もしくは、それぞれの関係が分かるように、テロップを入れようということになる。

そして、それは親切かもしれないけれど、観ている人間の注意力や映像を読み取るリテラシーを育てないということになってしまうような気がする。

まあ、そんなに多くの人が注意深くテレビを見たいかというと、そういうわけでもないだろうけれど。

テレビは作り手側そのものが、視聴者に対してハナから分からないだろうというスタンスだったりして、失礼極まりない部分もあり、もう少し、観る人の映像観察能力というか感性のようなものも含めて、信じていいのではないだろうか。

そして、「分かりやすさ」を指向することの弊害は、作り手が怠惰である場合、作り手の「分かる」世界だけで終始してしまい、ものすごく「当たり前」のものしかつくられなくなってくる。

 

分からないことも含めて、映像に残されていることも重要で、想田さんの作品には、それも多い。工場の若い奥さんが、お昼を作りながら、仕事について話している、本人は喋りながら、撮られているという事を意識して話している部分と、素の部分をいったりきたりする、それをカットせずに使う事で、その人のパーソナリティが随分、濃く分かる、気にある。カメラが介在するという行為の本質が、随所に出ている。

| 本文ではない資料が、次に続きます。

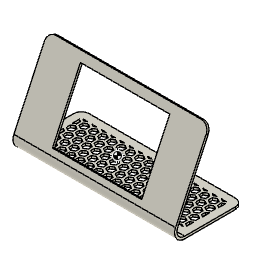
lcd_tarto v4 (Autodesk Fusion 360 design; units mm, degrees)
Autodesk Fusion 360 part; units mm, degrees
sketch "Sketch1" plane through (0, 0, 0) normal (1, 0, 0) x (0, 1, 0)
  line L0 (0, 0) -> (-37.9289, 0)
  line L1 (-42.4605, 7.1131) -> (-20.4203, 54.3785)
  line L2 (-45.7774, 0) -> (30, 0) construction
  arc A0 (-42.4605, 7.1131) -> (-37.9289, 0) centre (-37.9289, 5) ccw
  line L3 (0, -1.5) -> (-37.9289, -1.5)
  arc A1 (-43.8199, 7.747) -> (-37.9289, -1.5) centre (-37.9289, 5) ccw
  line L4 (-43.8199, 7.747) -> (-21.7797, 55.0124)
  line L5 (-20.4203, 54.3785) -> (-21.7797, 55.0124)
  line L6 (0, 0) -> (0, -1.5)
  dimension "d1" = 65
  dimension "d2" = 60
  dimension "d3" = 5
  dimension "d4" = 1.5
  constraint coincident L0.start L6.start
  constraint horizontal L0
  constraint horizontal L2
  constraint coincident L2.start L1
  constraint coincident L2.start L0
  constraint tangent L1 A0
  constraint tangent L0 A0
  constraint perpendicular L2 L6
  measures "d1" angle of L1 L2
  measures "d2" distance of L2.start L1.end
  measures "d3" radius of A0
extrude "Extrude1" add sketch "Sketch1" along normal blind 105
sketch "Sketch2" plane through (0, -38.9607, 18.1677) normal (0, -0.906308, 0.422618) x (1, 0, 0)
  line L0 (0, 40.6537) -> (0, -11.4979)
  line L1 (0, -11.4979) -> (105, -11.4979)
  line L2 (105, -11.4979) -> (105, 40.6537)
  line L3 (105, 40.6537) -> (0, 40.6537)
  line L4 (0, 40.6537) -> (0, 38.6537) construction
  line L5 (105, 38.6537) -> (0, 38.6537) construction
  line L6 (0, 38.6537) -> (0, -11.3463) construction
  line L7 (0, -11.3463) -> (105, -11.3463) construction
  line L8 (0, -11.3463) -> (0, -7.8463) construction
  line L9 (0, -11.3463) -> (23.5, -11.3463) construction
  line L10 (105, -11.3463) -> (81.5, -11.3463) construction
  line L11 (0, -7.8463) -> (105, -7.8463) construction
  line L12 (0, 38.6537) -> (0, 35.1537) construction
  line L13 (0, 35.1537) -> (105, 35.1537) construction
  line L14 (23.5, -7.8463) -> (23.5, 35.1537) construction
  line L15 (23.5, -11.3463) -> (23.5, -7.8463) construction
  line L16 (81.5, -11.3463) -> (81.5, -7.8463) construction
  line L17 (81.5, -7.8463) -> (81.5, 35.1537) construction
  line L18 (23.5, 35.1537) -> (81.5, 35.1537)
  line L19 (81.5, 35.1537) -> (81.5, -7.8463)
  line L20 (81.5, -7.8463) -> (23.5, -7.8463)
  line L21 (23.5, -7.8463) -> (23.5, 35.1537)
  line L22 (0, -11.4979) -> (0, 40.6537)
  line L23 (0, 40.6537) -> (105, 40.6537)
  line L24 (105, 40.6537) -> (105, -11.4979)
  line L25 (105, -11.4979) -> (0, -11.4979)
  dimension "d7" = 2
  dimension "d8" = 50
  dimension "d9" = 3.5
  dimension "d10" = 23.5
  dimension "d11" = 23.5
  dimension "d12" = 3.5
  constraint coincident L0.start L3.end
  constraint perpendicular L3 L4
  constraint coincident L2 L5.start
  constraint perpendicular L0 L5
  constraint perpendicular L5 L6
  constraint coincident L2 L7.end
  constraint perpendicular L2 L7
  constraint perpendicular L7 L8
  constraint perpendicular L6 L9
  constraint parallel L7 L10
  constraint coincident L2 L11.end
  constraint perpendicular L2 L11
  constraint perpendicular L11 L12
  constraint coincident L2 L13.end
  constraint perpendicular L2 L13
  constraint coincident L11 L14.start
  constraint coincident L13 L14.end
  constraint perpendicular L13 L14
  constraint perpendicular L11 L15
  constraint coincident L11 L16.end
  constraint perpendicular L11 L16
  constraint coincident L13 L17.end
  constraint perpendicular L13 L17
  constraint horizontal L18
  constraint vertical L19
  constraint horizontal L20
  constraint vertical L21
  measures "d7" distance of L0.start L4.end
  measures "d8" distance of L4.end L6.end
  measures "d9" distance of L6.end L8.end
  measures "d10" distance of L6.end L9.end
  measures "d11" distance of L7.end L10.end
  measures "d12" distance of L4.end L12.end
extrude "Extrude2" cut sketch "Sketch2" against normal blind 2 contours L18 L19 L20 L21
sketch "Sketch3" plane through (0, -37.6012, 17.5337) normal (0, 0.906308, -0.422618) x (-1, 0, 0)
  line L0 (-81.5, -7.8463) -> (-81.5, 35.1537)
  line L1 (-81.5, 35.1537) -> (-23.5, 35.1537)
  line L2 (-23.5, 35.1537) -> (-23.5, -7.8463)
  line L3 (-23.5, -7.8463) -> (-81.5, -7.8463)
  line L4 (0, -11.4979) -> (0, 40.6537)
  line L5 (0, 40.6537) -> (-105, 40.6537)
  line L6 (-105, 40.6537) -> (-105, -11.4979)
  line L7 (-105, -11.4979) -> (0, -11.4979)
  line L8 (-81.5, 35.1537) -> (-81.5, 37.1537) construction
  line L9 (-81.5, 37.1537) -> (-88.5, 37.1537) construction
  line L10 (-88.5, 37.1537) -> (-88.5, 26) construction
  circle A0 centre (-87, 35.6537) radius 1.5
  line L11 (-23.5, 35.1537) -> (-23.5, 37.1537) construction
  line L12 (-23.5, 37.1537) -> (-9.5, 37.1537) construction
  line L13 (-9.5, 37.1537) -> (-9.5, 28) construction
  circle A1 centre (-11, 35.6537) radius 1.5
  line L14 (-23.5, 13.6537) -> (-81.5, 13.6537) construction
  circle A2 centre (-11, -8.3463) radius 1.5
  line L15 (-9.5, -9.8463) -> (-9.5, -0.6927) construction
  line L16 (-23.5, -9.8463) -> (-9.5, -9.8463) construction
  line L17 (-23.5, -7.8463) -> (-23.5, -9.8463) construction
  line L18 (-81.5, -7.8463) -> (-81.5, -9.8463) construction
  line L19 (-81.5, -9.8463) -> (-88.5, -9.8463) construction
  line L20 (-88.5, -9.8463) -> (-88.5, 1.3073) construction
  circle A3 centre (-87, -8.3463) radius 1.5
  line L21 (-81.5, -7.8463) -> (-23.5, -7.8463)
  dimension "d16" = 5
  dimension "d17" = 1.5
  dimension "d40" = 2
  dimension "d41" = 7
  dimension "d42" = 1.5
  dimension "d43" = 2
  dimension "d44" = 14
  dimension "d45" = 1.5
  constraint coincident L0.end L1.start
  constraint perpendicular L1 L8
  constraint perpendicular L8 L9
  constraint perpendicular L9 L10
  constraint tangent L9 A0
  constraint tangent L10 A0
  constraint coincident L1.end L2.start
  constraint perpendicular L1 L11
  constraint perpendicular L11 L12
  constraint perpendicular L12 L13
  constraint tangent L13 A1
  constraint tangent L12 A1
  constraint midpoint L2 L14.start
  constraint midpoint L0 L14.end
  constraint symmetric L0.end L14 L0.start
  constraint symmetric L1.end L14 L2.end
  constraint symmetric L8.end L14 L18.end
  constraint symmetric L9.end L14 L19.end
  constraint symmetric L10.end L14 L20.end
  constraint symmetric A0 L14 A3
  constraint symmetric L11.end L14 L16.start
  constraint symmetric L12.end L14 L15.start
  constraint symmetric L13.end L14 L15.end
  constraint symmetric A1 L14 A2
  measures "d40" distance of L0.end L8.end
  measures "d41" distance of L8.end L9.end
  measures "d42" radius of A0
  measures "d43" distance of L1.end L11.end
  measures "d44" distance of L11.end L12.end
  measures "d45" radius of A1
extrude "Extrude4" add sketch "Sketch3" along normal blind 8 thin wall 0.8 on the right open curves A0 A3 A2 A1
fillet "Fillet1" radius 0.8 4 edges at (88.3985, -15.5121, 45.9744) (12.3985, -15.5121, 45.9744) (12.3985, -34.1073, 6.0968) (88.3985, -34.1073, 6.0968)
sketch "Sketch5" plane through (0, -37.6012, 17.5337) normal (0, 0.906308, -0.422618) x (-1, 0, 0)
  line L0 (-81.5, -7.8463) -> (-81.5, 35.1537)
  line L1 (-81.5, 35.1537) -> (-23.5, 35.1537)
  line L2 (-23.5, 35.1537) -> (-23.5, -7.8463)
  line L3 (-23.5, -7.8463) -> (-81.5, -7.8463)
  line L4 (0, -11.4979) -> (0, 40.6537)
  line L5 (0, 40.6537) -> (-105, 40.6537)
  line L6 (-105, 40.6537) -> (-105, -11.4979)
  line L7 (-105, -11.4979) -> (0, -11.4979)
  circle A0 centre (-87, 35.6537) radius 1.5
  circle A1 centre (-11, 35.6537) radius 1.5
  circle A2 centre (-87, -8.3463) radius 1.5
  circle A3 centre (-11, -8.3463) radius 1.5
fillet "Fillet2" radius 5 4 edges at (0, -21.1, 54.6954) (105, -21.1, 54.6954) (105, 0, -0.75) (0, 0, -0.75)
sketch "Sketch7" plane through (0, 0, -1.5) normal (0, 0, -1) x (1, 0, 0)
  arc A0 (100, 0) -> (105, 5) centre (100, 5) ccw
  line L0 (100, 5) -> (100, 32.9289)
  line L1 (100, 32.9289) -> (5, 32.9289)
  line L2 (5, 32.9289) -> (5, 5)
  line L3 (5, 5) -> (100, 5)
  line L4 (100, 18.9645) -> (5, 18.9645) construction
  line L5 (52.5, 32.9289) -> (52.5, 5) construction
  line L6 (52.5, 18.9645) -> (52.5, 16.4645)
  line L7 (52.5, 16.4645) -> (54.6651, 17.7145)
  line L8 (54.6651, 17.7145) -> (54.6651, 20.2145)
  line L9 (54.6651, 20.2145) -> (52.5, 21.4645)
  line L10 (52.5, 21.4645) -> (50.3349, 20.2145)
  line L11 (50.3349, 20.2145) -> (50.3349, 17.7145)
  line L12 (50.3349, 17.7145) -> (52.5, 16.4645)
  line L13 (52.5, 18.9645) -> (51.4175, 17.0895) construction
  line L14 (52.5, 18.9645) -> (53.5825, 17.0895) construction
  line L15 (95.3349, 33.3029) -> (97.5, 32.0529)
  line L16 (97.5, 32.0529) -> (99.6651, 33.3029)
  line L17 (102.6651, 30.6068) -> (100.5, 31.8568)
  line L18 (100.5, 31.8568) -> (98.3349, 30.6068)
  line L19 (98.3349, 30.6068) -> (98.3349, 28.1068)
  line L20 (98.3349, 28.1068) -> (100.5, 26.8568)
  line L21 (100.5, 26.8568) -> (102.6651, 28.1068)
  line L22 (89.3349, 33.3029) -> (91.5, 32.0529)
  line L23 (91.5, 32.0529) -> (93.6651, 33.3029)
  line L24 (96.6651, 30.6068) -> (94.5, 31.8568)
  line L25 (94.5, 31.8568) -> (92.3349, 30.6068)
  line L26 (92.3349, 30.6068) -> (92.3349, 28.1068)
  line L27 (92.3349, 28.1068) -> (94.5, 26.8568)
  line L28 (94.5, 26.8568) -> (96.6651, 28.1068)
  line L29 (96.6651, 28.1068) -> (96.6651, 30.6068)
  line L30 (99.6651, 25.4106) -> (97.5, 26.6606)
  line L31 (97.5, 26.6606) -> (95.3349, 25.4106)
  line L32 (95.3349, 25.4106) -> (95.3349, 22.9106)
  line L33 (95.3349, 22.9106) -> (97.5, 21.6606)
  line L34 (97.5, 21.6606) -> (99.6651, 22.9106)
  line L35 (99.6651, 22.9106) -> (99.6651, 25.4106)
  line L36 (102.6651, 20.2145) -> (100.5, 21.4645)
  line L37 (100.5, 21.4645) -> (98.3349, 20.2145)
  line L38 (98.3349, 20.2145) -> (98.3349, 17.7145)
  line L39 (98.3349, 17.7145) -> (100.5, 16.4645)
  line L40 (100.5, 16.4645) -> (102.6651, 17.7145)
  line L41 (83.3349, 33.3029) -> (85.5, 32.0529)
  line L42 (85.5, 32.0529) -> (87.6651, 33.3029)
  line L43 (90.6651, 30.6068) -> (88.5, 31.8568)
  line L44 (88.5, 31.8568) -> (86.3349, 30.6068)
  line L45 (86.3349, 30.6068) -> (86.3349, 28.1068)
  line L46 (86.3349, 28.1068) -> (88.5, 26.8568)
  line L47 (88.5, 26.8568) -> (90.6651, 28.1068)
  line L48 (90.6651, 28.1068) -> (90.6651, 30.6068)
  line L49 (93.6651, 25.4106) -> (91.5, 26.6606)
  line L50 (91.5, 26.6606) -> (89.3349, 25.4106)
  line L51 (89.3349, 25.4106) -> (89.3349, 22.9106)
  line L52 (89.3349, 22.9106) -> (91.5, 21.6606)
  line L53 (91.5, 21.6606) -> (93.6651, 22.9106)
  line L54 (93.6651, 22.9106) -> (93.6651, 25.4106)
  line L55 (96.6651, 20.2145) -> (94.5, 21.4645)
  line L56 (94.5, 21.4645) -> (92.3349, 20.2145)
  line L57 (92.3349, 20.2145) -> (92.3349, 17.7145)
  line L58 (92.3349, 17.7145) -> (94.5, 16.4645)
  line L59 (94.5, 16.4645) -> (96.6651, 17.7145)
  line L60 (96.6651, 17.7145) -> (96.6651, 20.2145)
  line L61 (99.6651, 15.0183) -> (97.5, 16.2683)
  line L62 (97.5, 16.2683) -> (95.3349, 15.0183)
  line L63 (95.3349, 15.0183) -> (95.3349, 12.5183)
  line L64 (95.3349, 12.5183) -> (97.5, 11.2683)
  line L65 (97.5, 11.2683) -> (99.6651, 12.5183)
  line L66 (99.6651, 12.5183) -> (99.6651, 15.0183)
  line L67 (102.6651, 9.8222) -> (100.5, 11.0722)
  line L68 (100.5, 11.0722) -> (98.3349, 9.8222)
  line L69 (98.3349, 9.8222) -> (98.3349, 7.3222)
  line L70 (98.3349, 7.3222) -> (100.5, 6.0722)
  line L71 (100.5, 6.0722) -> (102.6651, 7.3222)
  line L72 (77.3349, 33.3029) -> (79.5, 32.0529)
  line L73 (79.5, 32.0529) -> (81.6651, 33.3029)
  line L74 (84.6651, 30.6068) -> (82.5, 31.8568)
  line L75 (82.5, 31.8568) -> (80.3349, 30.6068)
  line L76 (80.3349, 30.6068) -> (80.3349, 28.1068)
  line L77 (80.3349, 28.1068) -> (82.5, 26.8568)
  line L78 (82.5, 26.8568) -> (84.6651, 28.1068)
  line L79 (84.6651, 28.1068) -> (84.6651, 30.6068)
  line L80 (87.6651, 25.4106) -> (85.5, 26.6606)
  line L81 (85.5, 26.6606) -> (83.3349, 25.4106)
  line L82 (83.3349, 25.4106) -> (83.3349, 22.9106)
  line L83 (83.3349, 22.9106) -> (85.5, 21.6606)
  line L84 (85.5, 21.6606) -> (87.6651, 22.9106)
  line L85 (87.6651, 22.9106) -> (87.6651, 25.4106)
  line L86 (90.6651, 20.2145) -> (88.5, 21.4645)
  line L87 (88.5, 21.4645) -> (86.3349, 20.2145)
  line L88 (86.3349, 20.2145) -> (86.3349, 17.7145)
  line L89 (86.3349, 17.7145) -> (88.5, 16.4645)
  line L90 (88.5, 16.4645) -> (90.6651, 17.7145)
  line L91 (90.6651, 17.7145) -> (90.6651, 20.2145)
  line L92 (93.6651, 15.0183) -> (91.5, 16.2683)
  line L93 (91.5, 16.2683) -> (89.3349, 15.0183)
  line L94 (89.3349, 15.0183) -> (89.3349, 12.5183)
  line L95 (89.3349, 12.5183) -> (91.5, 11.2683)
  line L96 (91.5, 11.2683) -> (93.6651, 12.5183)
  line L97 (93.6651, 12.5183) -> (93.6651, 15.0183)
  line L98 (96.6651, 9.8222) -> (94.5, 11.0722)
  line L99 (94.5, 11.0722) -> (92.3349, 9.8222)
  line L100 (92.3349, 9.8222) -> (92.3349, 7.3222)
  line L101 (92.3349, 7.3222) -> (94.5, 6.0722)
  line L102 (94.5, 6.0722) -> (96.6651, 7.3222)
  line L103 (96.6651, 7.3222) -> (96.6651, 9.8222)
  line L104 (99.6651, 4.626) -> (97.5, 5.876)
  line L105 (97.5, 5.876) -> (95.3349, 4.626)
  line L106 (95.3349, 4.626) -> (95.3349, 2.126)
  line L107 (99.6651, 2.126) -> (99.6651, 4.626)
  line L108 (71.3349, 33.3029) -> (73.5, 32.0529)
  line L109 (73.5, 32.0529) -> (75.6651, 33.3029)
  line L110 (78.6651, 30.6068) -> (76.5, 31.8568)
  line L111 (76.5, 31.8568) -> (74.3349, 30.6068)
  line L112 (74.3349, 30.6068) -> (74.3349, 28.1068)
  line L113 (74.3349, 28.1068) -> (76.5, 26.8568)
  line L114 (76.5, 26.8568) -> (78.6651, 28.1068)
  line L115 (78.6651, 28.1068) -> (78.6651, 30.6068)
  line L116 (81.6651, 25.4106) -> (79.5, 26.6606)
  line L117 (79.5, 26.6606) -> (77.3349, 25.4106)
  line L118 (77.3349, 25.4106) -> (77.3349, 22.9106)
  line L119 (77.3349, 22.9106) -> (79.5, 21.6606)
  line L120 (79.5, 21.6606) -> (81.6651, 22.9106)
  line L121 (81.6651, 22.9106) -> (81.6651, 25.4106)
  line L122 (84.6651, 20.2145) -> (82.5, 21.4645)
  line L123 (82.5, 21.4645) -> (80.3349, 20.2145)
  line L124 (80.3349, 20.2145) -> (80.3349, 17.7145)
  line L125 (80.3349, 17.7145) -> (82.5, 16.4645)
  line L126 (82.5, 16.4645) -> (84.6651, 17.7145)
  line L127 (84.6651, 17.7145) -> (84.6651, 20.2145)
  line L128 (87.6651, 15.0183) -> (85.5, 16.2683)
  line L129 (85.5, 16.2683) -> (83.3349, 15.0183)
  line L130 (83.3349, 15.0183) -> (83.3349, 12.5183)
  line L131 (83.3349, 12.5183) -> (85.5, 11.2683)
  line L132 (85.5, 11.2683) -> (87.6651, 12.5183)
  line L133 (87.6651, 12.5183) -> (87.6651, 15.0183)
  line L134 (90.6651, 9.8222) -> (88.5, 11.0722)
  line L135 (88.5, 11.0722) -> (86.3349, 9.8222)
  line L136 (86.3349, 9.8222) -> (86.3349, 7.3222)
  line L137 (86.3349, 7.3222) -> (88.5, 6.0722)
  line L138 (88.5, 6.0722) -> (90.6651, 7.3222)
  line L139 (90.6651, 7.3222) -> (90.6651, 9.8222)
  line L140 (93.6651, 4.626) -> (91.5, 5.876)
  line L141 (91.5, 5.876) -> (89.3349, 4.626)
  line L142 (89.3349, 4.626) -> (89.3349, 2.126)
  line L143 (93.6651, 2.126) -> (93.6651, 4.626)
  line L144 (65.3349, 33.3029) -> (67.5, 32.0529)
  line L145 (67.5, 32.0529) -> (69.6651, 33.3029)
  line L146 (72.6651, 30.6068) -> (70.5, 31.8568)
  line L147 (70.5, 31.8568) -> (68.3349, 30.6068)
  line L148 (68.3349, 30.6068) -> (68.3349, 28.1068)
  line L149 (68.3349, 28.1068) -> (70.5, 26.8568)
  line L150 (70.5, 26.8568) -> (72.6651, 28.1068)
  line L151 (72.6651, 28.1068) -> (72.6651, 30.6068)
  line L152 (75.6651, 25.4106) -> (73.5, 26.6606)
  line L153 (73.5, 26.6606) -> (71.3349, 25.4106)
  line L154 (71.3349, 25.4106) -> (71.3349, 22.9106)
  line L155 (71.3349, 22.9106) -> (73.5, 21.6606)
  line L156 (73.5, 21.6606) -> (75.6651, 22.9106)
  line L157 (75.6651, 22.9106) -> (75.6651, 25.4106)
  line L158 (78.6651, 20.2145) -> (76.5, 21.4645)
  line L159 (76.5, 21.4645) -> (74.3349, 20.2145)
  line L160 (74.3349, 20.2145) -> (74.3349, 17.7145)
  line L161 (74.3349, 17.7145) -> (76.5, 16.4645)
  line L162 (76.5, 16.4645) -> (78.6651, 17.7145)
  line L163 (78.6651, 17.7145) -> (78.6651, 20.2145)
  line L164 (81.6651, 15.0183) -> (79.5, 16.2683)
  line L165 (79.5, 16.2683) -> (77.3349, 15.0183)
  line L166 (77.3349, 15.0183) -> (77.3349, 12.5183)
  line L167 (77.3349, 12.5183) -> (79.5, 11.2683)
  line L168 (79.5, 11.2683) -> (81.6651, 12.5183)
  line L169 (81.6651, 12.5183) -> (81.6651, 15.0183)
  line L170 (84.6651, 9.8222) -> (82.5, 11.0722)
  line L171 (82.5, 11.0722) -> (80.3349, 9.8222)
  line L172 (80.3349, 9.8222) -> (80.3349, 7.3222)
  line L173 (80.3349, 7.3222) -> (82.5, 6.0722)
  line L174 (82.5, 6.0722) -> (84.6651, 7.3222)
  line L175 (84.6651, 7.3222) -> (84.6651, 9.8222)
  line L176 (87.6651, 4.626) -> (85.5, 5.876)
  line L177 (85.5, 5.876) -> (83.3349, 4.626)
  line L178 (83.3349, 4.626) -> (83.3349, 2.126)
  line L179 (87.6651, 2.126) -> (87.6651, 4.626)
  line L180 (59.3349, 33.3029) -> (61.5, 32.0529)
  line L181 (61.5, 32.0529) -> (63.6651, 33.3029)
  line L182 (66.6651, 30.6068) -> (64.5, 31.8568)
  line L183 (64.5, 31.8568) -> (62.3349, 30.6068)
  line L184 (62.3349, 30.6068) -> (62.3349, 28.1068)
  line L185 (62.3349, 28.1068) -> (64.5, 26.8568)
  line L186 (64.5, 26.8568) -> (66.6651, 28.1068)
  line L187 (66.6651, 28.1068) -> (66.6651, 30.6068)
  line L188 (69.6651, 25.4106) -> (67.5, 26.6606)
  line L189 (67.5, 26.6606) -> (65.3349, 25.4106)
  line L190 (65.3349, 25.4106) -> (65.3349, 22.9106)
  line L191 (65.3349, 22.9106) -> (67.5, 21.6606)
  line L192 (67.5, 21.6606) -> (69.6651, 22.9106)
  line L193 (69.6651, 22.9106) -> (69.6651, 25.4106)
  line L194 (72.6651, 20.2145) -> (70.5, 21.4645)
  line L195 (70.5, 21.4645) -> (68.3349, 20.2145)
  line L196 (68.3349, 20.2145) -> (68.3349, 17.7145)
  line L197 (68.3349, 17.7145) -> (70.5, 16.4645)
  line L198 (70.5, 16.4645) -> (72.6651, 17.7145)
  line L199 (72.6651, 17.7145) -> (72.6651, 20.2145)
  line L200 (75.6651, 15.0183) -> (73.5, 16.2683)
  line L201 (73.5, 16.2683) -> (71.3349, 15.0183)
  line L202 (71.3349, 15.0183) -> (71.3349, 12.5183)
  line L203 (71.3349, 12.5183) -> (73.5, 11.2683)
  line L204 (73.5, 11.2683) -> (75.6651, 12.5183)
  line L205 (75.6651, 12.5183) -> (75.6651, 15.0183)
  line L206 (78.6651, 9.8222) -> (76.5, 11.0722)
  line L207 (76.5, 11.0722) -> (74.3349, 9.8222)
  line L208 (74.3349, 9.8222) -> (74.3349, 7.3222)
  line L209 (74.3349, 7.3222) -> (76.5, 6.0722)
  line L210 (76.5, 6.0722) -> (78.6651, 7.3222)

どうしても、そういうオフっぽいところというのは、テレビの編集では、どうしても切ってしまうことが多くて、それは、番組の流れと関係ないところがあると、流れがわかりづらくなるから、という理由である場合が多いけれど、決して、すべてが「流れが分かりやすく」を目指さなくてもいいのではないか。すべてが、分かりやすさを指向し続けたら、どれもこれも同じものになってしまうのではないか。

情報を分かりやすく、ナレーションで整理して、テロップと音楽で補強する。

まあ、それで「分かりやすく」もなるし、「分かった」気にもなると思う。

 

それでも、実際の世の中は、そんなに分かりやすいものでもないし、割り切れない。

割り切れない、もやもやとしたものが、映像に多く写っていていいのではないか。

一言一句、1カット1カット、意味で埋め尽くされている映画より、豊かでたのしいものだと思う。